BERT is reeeeeallly powerful - like, pass the Turing test easily powerful. Take a look at
See superGLUE which just came out. Scroll to the bottom at look at how insane those tasks are. THAT is where NLP is at.
Okay so now that we have dispensed with the idea that tf-idf is state of the art - you want to take documents and look at their similarity? I would use ALBERT on Databricks in two layers:
Perform either Extractive or Abstractive summarization: https://pypi.org/project/bert-extractive-summarizer/ (NOTICE HOW BIG THOSE DOCUMENTS OF TEXT ARE - and reduce your document down to a summary.
In a separate step, take each summary and do the STS-B task from Page 3 GLUE
Now, we are talking about absolutely bleeding edge technology here (Albert came out in just the last few months). You will need to be extremely proficient to get through this but it CAN be done, and I believe in you!!
BERT is a sentence representation model. It is trained to predict words in a sentence and to decide if two sentences follow each other in a document, i.e., strictly on the sentence level. Moreover, BERT requires quadratic memory with respect to the input length which would not be feasible with documents.
It is quite common practice to average word embeddings to get a sentence representation. You can try the same thing with BERT and average the [CLS] vectors from BERT over sentences in a document.
There are some document-level embeddings. For instance doc2vec is a commonly used option.
As far as I know, at the document level, frequency-based vectors such as tf-idf (with a good implementation in scikit-learn) are still close to state of the art, so I would not hesitate using it. Or at least it is worth trying to see how it compares to embeddings.
To add to #jindřich answer, BERT is meant to find missing words in a sentence and predict next sentence. Word embedding based doc2vec is still a good way to measure similarity between docs. If you want to delve deeper into why every best model can't be the best choice for a use case, give this post a read where it clearly explains why not every state-of-the-art model is suitable for a task.

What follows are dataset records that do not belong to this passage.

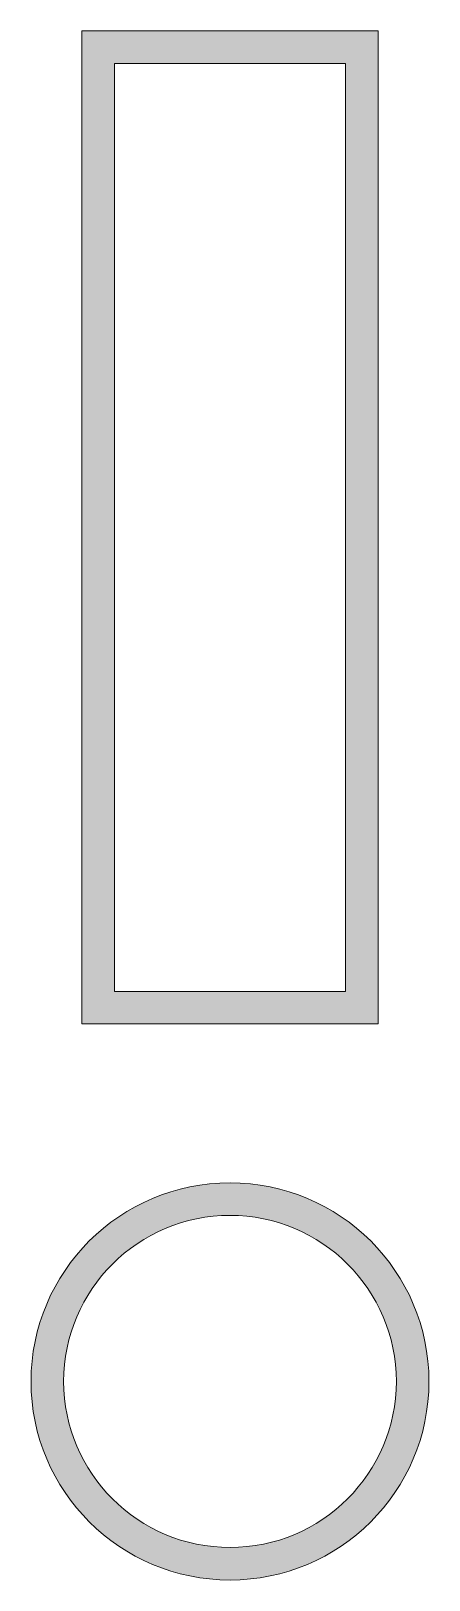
# Model space of a CAD drawing. Header units: centimetres. Extents: x 15 to 31.7, y -14.2 to -9.6.
# Drawn here: x 30.801 to 31.016, y -10.471 to -9.631 of the extents above; entities that cross this region are included whole.
import ezdxf

# ---------------------------------------------------------------- set-up
doc = ezdxf.new("R2010")
doc.units = ezdxf.units.CM
doc.header["$MEASUREMENT"] = 0
doc.layers.add('Layer 1', color=7, linetype='Continuous', lineweight=0)

msp = doc.modelspace()

# ---------------------------------------------------------------- hatches: boundary and pattern name
at = {"layer": 'Layer 1', "true_color": 0x000000, "transparency": 33554687}
h = msp.add_hatch(color=18, dxfattribs=at)
h.dxf.hatch_style = 2
edge = h.paths.add_edge_path()
edge.add_spline(control_points=[(30.9885, -9.63083), (30.9885, -9.63083), (30.82812, -9.63083), (30.82812, -9.63083), (30.82812, -9.63083), (30.82812, -10.16926), (30.82812, -10.16926), (30.82812, -10.16926), (30.9885, -10.16926), (30.9885, -10.16926), (30.9885, -10.16926), (30.9885, -9.63083), (30.9885, -9.63083), (30.9885, -9.63083), (30.9885, -9.63083), (30.9885, -9.63083)], knot_values=[0, 0, 0, 0, 1, 1, 1, 2, 2, 2, 3, 3, 3, 4, 4, 4, 5, 5, 5, 5], degree=3, periodic=0)
edge = h.paths.add_edge_path()
edge.add_spline(control_points=[(30.97086, -9.64847), (30.97086, -9.64847), (30.97086, -10.15162), (30.97086, -10.15162), (30.97086, -10.15162), (30.84576, -10.15162), (30.84576, -10.15162), (30.84576, -10.15162), (30.84576, -9.64847), (30.84576, -9.64847), (30.84576, -9.64847), (30.97086, -9.64847), (30.97086, -9.64847)], knot_values=[0, 0, 0, 0, 1, 1, 1, 2, 2, 2, 3, 3, 3, 4, 4, 4, 4], degree=3, periodic=0)
edge.add_line((30.97086, -9.64847), (30.97086, -9.64847))
h = msp.add_hatch(color=18, dxfattribs=at)
h.dxf.hatch_style = 2
edge = h.paths.add_edge_path()
edge.add_spline(control_points=[(30.90831, -10.25541), (30.84883, -10.25541), (30.80062, -10.30362), (30.80062, -10.36309), (30.80062, -10.42257), (30.84883, -10.47078), (30.90831, -10.47078), (30.96778, -10.47078), (31.01599, -10.42257), (31.01599, -10.36309), (31.01599, -10.30362), (30.96778, -10.25541), (30.90831, -10.25541), (30.90831, -10.25541), (30.90831, -10.25541), (30.90831, -10.25541)], knot_values=[0, 0, 0, 0, 1, 1, 1, 2, 2, 2, 3, 3, 3, 4, 4, 4, 5, 5, 5, 5], degree=3, periodic=0)
edge = h.paths.add_edge_path()
edge.add_spline(control_points=[(30.90831, -10.27305), (30.95796, -10.27305), (30.99835, -10.31344), (30.99835, -10.36309), (30.99835, -10.41275), (30.95796, -10.45314), (30.90831, -10.45314), (30.85865, -10.45314), (30.81826, -10.41275), (30.81826, -10.36309), (30.81826, -10.31344), (30.85865, -10.27305), (30.90831, -10.27305)], knot_values=[0, 0, 0, 0, 1, 1, 1, 2, 2, 2, 3, 3, 3, 4, 4, 4, 4], degree=3, periodic=0)
edge.add_line((30.90831, -10.27305), (30.90831, -10.27305))

# ---------------------------------------------------------------- linework, layer by layer
at = {"layer": 'Layer 1'}
for points, knots in [([(30.9885, -9.63083), (30.9885, -9.63083), (30.82812, -9.63083), (30.82812, -9.63083), (30.82812, -9.63083), (30.82812, -10.16926), (30.82812, -10.16926), (30.82812, -10.16926), (30.9885, -10.16926), (30.9885, -10.16926), (30.9885, -10.16926), (30.9885, -9.63083), (30.9885, -9.63083), (30.9885, -9.63083), (30.9885, -9.63083), (30.9885, -9.63083)], [0, 0, 0, 0, 1, 1, 1, 2, 2, 2, 3, 3, 3, 4, 4, 4, 5, 5, 5, 5]), ([(30.97086, -9.64847), (30.97086, -9.64847), (30.97086, -10.15162), (30.97086, -10.15162), (30.97086, -10.15162), (30.84576, -10.15162), (30.84576, -10.15162), (30.84576, -10.15162), (30.84576, -9.64847), (30.84576, -9.64847), (30.84576, -9.64847), (30.97086, -9.64847), (30.97086, -9.64847)], [0, 0, 0, 0, 1, 1, 1, 2, 2, 2, 3, 3, 3, 4, 4, 4, 4]), ([(30.90831, -10.25541), (30.84883, -10.25541), (30.80062, -10.30362), (30.80062, -10.36309), (30.80062, -10.42257), (30.84883, -10.47078), (30.90831, -10.47078), (30.96778, -10.47078), (31.01599, -10.42257), (31.01599, -10.36309), (31.01599, -10.30362), (30.96778, -10.25541), (30.90831, -10.25541), (30.90831, -10.25541), (30.90831, -10.25541), (30.90831, -10.25541)], [0, 0, 0, 0, 1, 1, 1, 2, 2, 2, 3, 3, 3, 4, 4, 4, 5, 5, 5, 5]), ([(30.90831, -10.27305), (30.95796, -10.27305), (30.99835, -10.31344), (30.99835, -10.36309), (30.99835, -10.41275), (30.95796, -10.45314), (30.90831, -10.45314), (30.85865, -10.45314), (30.81826, -10.41275), (30.81826, -10.36309), (30.81826, -10.31344), (30.85865, -10.27305), (30.90831, -10.27305)], [0, 0, 0, 0, 1, 1, 1, 2, 2, 2, 3, 3, 3, 4, 4, 4, 4])]:
    msp.add_open_spline(points, degree=3, knots=knots, dxfattribs=at)

doc.saveas('drawing.dxf')

Ya. You would just do each part independently. For summarization you hardly need to do much. Just look on pypi for summarize and you have several packages. Don't even need to train. Now for sentence to sentence similarity there is a fairly complex method for getting loss but it's spelled out in the GLUE website. It's considerd part of the challenge (meeting the metric). Determining that distance (sts) is non trivial and I think they call it "coherence" but I'm not sure.